A new type of flux (a purifying agent used in metallurgy) developed by the researchers allows for the creation of a unique alloy with improved stress-strain characteristics and corrosion resistance properties. The use of magnesium parts contributes to an aircraft or vehicle`s weight reduction. Currently, commercial testing of the technology is being conducted on domestic aircraft manufacturing enterprises —Kamensk-Uralsky Foundry, UEC Saturn, and the Kazan Engine Building Industrial Group, among others.

Magnesium, a very lightweight metal, has a density significantly below that of titanium and aluminum (1.73 grams per cubic cm compared with 4.5 and 2.7 grams, respectively).For aviation and space, where there is a struggle for every kilogram of fuel, this change produces a significant difference. Traditionally, the poor corrosion resistance characteristics of Russian-made magnesium alloys have precluded them from widespread use in aviation, rocketry and the automotive industry. This negatively affects the competitiveness of Russian equipment on the world market.

A characteristic of magnesium alloys is their high reactivity in a molten state, which makes melting in the air impossible without special protective measures which prevent contact of the melt surface with the air.

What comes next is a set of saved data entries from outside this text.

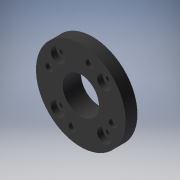
# Autodesk Inventor part: SCHUNK-1013180-ISO-1-50-M6 Universalflansch Co-act-EGP-C
Saved by Autodesk Inventor 2019 (Build 230136000, 136)
## iProperties
Created: 2022-08-29
Part Number: SCHUNK-1013180-ISO-1-50-M6 Universalflansch Co-act-EGP-C
Material: Generic
Catalog Web Link: www.cadenas.de
Description: Flansch Co-act-EGP-C-Co-act EGP-C
Vendor: SCHUNK
Document SubType Name: Modeling
Designer: psAdmin
Manufacturer: SCHUNK
Mass: 25.1643 g
Surface Area: 109.167 cm^2
Volume: 25.1643 cm^3
Density: 1 g/cm^3
Appearance: PSOLRGB-191-191-191
Category: PARTsolutions
Company: SCHUNK
Title: SCHUNK-1013180-ISO-1-50-M6 Universalflansch Co-act-EGP-C
Author: Cadenas PARTsolutions
Comments: Co-act EGP-C
PSOL_IDENT_0: {$CADENAS_DATA/23d-libs/schunk/greifsysteme/greifmodule/co_act/co_act_egp_c/co_act_egp_c_fla.prj},26
PSOL_IDENT_1: 6 {VTYP=3D},{NB=SCHUNK-1013180-ISO-1-50-M6 Universalflansch Co-act-EGP-C},{LINA=SCHUNK-1013180-ISO-1
PSOL_IDENT_2: -50-M6 Universalflansch Co-act-EGP-C},{NN=Flansch Co-act-EGP-C},{DATE=14.05.2021 09:26:35},{GEOMDATE=
PSOL_IDENT_3: 21.04.2021 12:19:14},{VERSION=},{LINEID=20},{WBVAR=},{WBNUMERIC=}  {NB=SCHUNK-1013180-ISO-1-50-M6 Un
PSOL_IDENT_4: iversalflansch Co-act-EGP-C},{LINA=SCHUNK-1013180-ISO-1-50-M6 Universalflansch Co-act-EGP-C},{KT=DUM
PSOL_IDENT_5: MY},{IDNR=1013180},{TYP=ISO-1-50-M6 Universalflansch},{TYP1=2.000},{D1=68.000},{H1=9.100},{H=14.100}
PSOL_IDENT_6: ,{D6=28.000},{D7=31.500},{F1=1.000},{W2=0.600},{TK1=50.000},{TK2=50.000},{W1=15.000},{D2=6.000},{TD2=
PSOL_IDENT_7: 2.900},{D3=4.000},{TGD3=9.100},{TKD3=0.000},{D4=11.000},{TD4=4.600},{D5=6.600},{L1=25.000},{L2=0.500
PSOL_IDENT_8: },{D8=6.000},{TD8=5.500},{D9=0.000},{TD9=0.000},{W3=45.000},{W4=0.000},{T7=0.000},{DY1=0.000},{HY1=0
PSOL_IDENT_9: .000},{HY2=0.000},{RY1=0.000},{RY2=0.000},{WY1=0.000}
NB: SCHUNK-1013180-ISO-1-50-M6 Universalflansch Co-act-EGP-C
NN: Flansch Co-act-EGP-C
NT: Co-act EGP-C
NBSYN: SCHUNK-$IDNR.-$TYP. Co-act-EGP-C
LINA: SCHUNK-1013180-ISO-1-50-M6 Universalflansch Co-act-EGP-C
CATALOG: SCHUNK
IDNR: 1013180
TYP: ISO-1-50-M6 Universalflansch
TYP1: 2
D1: 68
H1: 9.1
H: 14.1
D6: 28
D7: 31.5
F1: 1
W2: 0.6
TK1: 50
TK2: 50
W1: 15
D2: 6
TD2: 2.9
D3: 4
TGD3: 9.1
TKD3: 0
D4: 11
TD4: 4.6
D5: 6.6
L1: 25
L2: 0.5
D8: 6
TD8: 5.5
D9: 0
TD9: 0
W3: 45
W4: 0
T7: 0
DY1: 0
HY1: 0
HY2: 0
RY1: 0
RY2: 0
WY1: 0
SUPPLIER: SCHUNK
ARTICLENO: SCHUNK-1013180-ISO-1-50-M6 Universalflansch Co-act-EGP-C
BOMINFO: SCHUNK-1013180-ISO-1-50-M6 Universalflansch Co-act-EGP-C
CREATOR: CADENAS GmbH
Autodesk Inventor part; units mm, degrees
sketch "Sketch_1" plane through (0, 0, 0) normal (1, 0, 0) x (0, 1, 0)
  line L0 (0, -14.1) -> (0, 0)
  line L1 (34, 0) -> (14, 0)
  line L2 (14, 0) -> (14, -14.1)
  line L3 (14, -14.1) -> (15.75, -14.1)
  line L4 (15.75, -14.1) -> (15.75, -9.1)
  line L5 (15.75, -9.1) -> (34, -9.1)
  line L6 (34, -9.1) -> (34, 0)
  constraints: 14 end point
revolve "Revolution1" add sketch "Sketch_1" angle 360 about axis through (0, 0, -14.1) along (0, 0, 1)
chamfer "Chamfer1" distance 0.6 distance2 1 1 edges at (0, -15.75, -14.1) measured on face at (1.2564, 15.0141, -14.1)
sketch "Sketch2" plane through (0, 0, 0) normal (0, 0, 1) x (1, 0, 0)
  point P0 (24.1481, -6.4705)
hole "Hole1" at (24.1481, -6.4705, 0) direction (0, 0, -1) diameter 3.242 depth 9.1 counterbore diameter 6 counterbore depth 2.9 thread size "M4x0.7" class "6H" standard "ISO Metric profile"
pattern_linear "Rectangular Pattern1" count 2 spacing 35.3553 along (-0.5, 0.866, 0) count 2 spacing 35.3553 along (-0.866, -0.5, 0) of "Hole1"
sketch "Sketch3" plane through (0, 0, 0) normal (0, 0, 1) x (1, 0, 0)
  point P0 (17.6777, -17.6777)
hole "Hole2" at (17.6777, -17.6777, 0) direction (0, 0, -1) diameter 6.6 depth 14.1 counterbore diameter 11 counterbore depth 4.6
pattern_linear "Rectangular Pattern2" count 2 spacing 35.3553 along (0, 1, 0) count 2 spacing 35.3553 along (-1, 0, 0) of "Hole2"
sketch "Sketch_6" plane through (0, 0, -9.1) normal (0, 0, 1) x (1, 0, 0)
  arc A0 (-25.5, 3) -> (-25.5, -3) centre (-25.5, 0) ccw
  line L0 (-25.5, -3) -> (-25, -3)
  arc A1 (-25, -3) -> (-25, 3) centre (-25, 0) ccw
  line L1 (-25, 3) -> (-25.5, 3)
  constraints: 4 end point, 4 point on circle, 2 centre point
extrude "Extrusion1" cut sketch "Sketch_6" along normal blind 5.5
ref_plane "fla_XY" through (0, 0, 0) normal (0, 0, 1) x (1, 0, 0)
ref_plane "fla_YZ" through (0, 0, 0) normal (1, 0, 0) x (0, 1, 0)
ref_plane "fla_ZX" through (0, 0, 0) normal (0, 1, 0) x (0, 0, 1)
body "Solid1"

Magnesium alloys have a high level of chemical activity in their molten state, meaning special protective measures — in the form of a low melting-temperature flux applied to the surface to protect the metal from ignition and oxidation, are required. The traditional melting and refining process requires an average of 300 kg of flux for every ton of magnesium alloy produced.

Another problem associated with magnesium alloy production is impurities, particularly chlorides. A high quality magnesium alloy requires that these impurities be absent; otherwise, the alloy’s corrosion resistance and stress-strain performance characteristics are not sufficient for high-technology applications such as the automotive and space industries.

“The developed flux uses carnallite, an evaporate mineral readily available in the Russian Ural Mountains, which when combined with a 30% mixture of calcium chloride creates a flux with a strong purifying effect. The improved compositions and production method provide good flowability and a long period from the application of flux up to the moment of the first fire source on the surface of molten metal, and most importantly, a complete lack of defects on salting inclusions. As a result, the technology allows for the casting of magnesium alloys with improved corrosion resistance, reduces material losses in alloying components, and allows for the creation of an alloy with a more stable chemical composition”, said Anton Nalivaiko, head of the project, senior researcher at NUST MISIS Center for Engineering and Industrial Technologies.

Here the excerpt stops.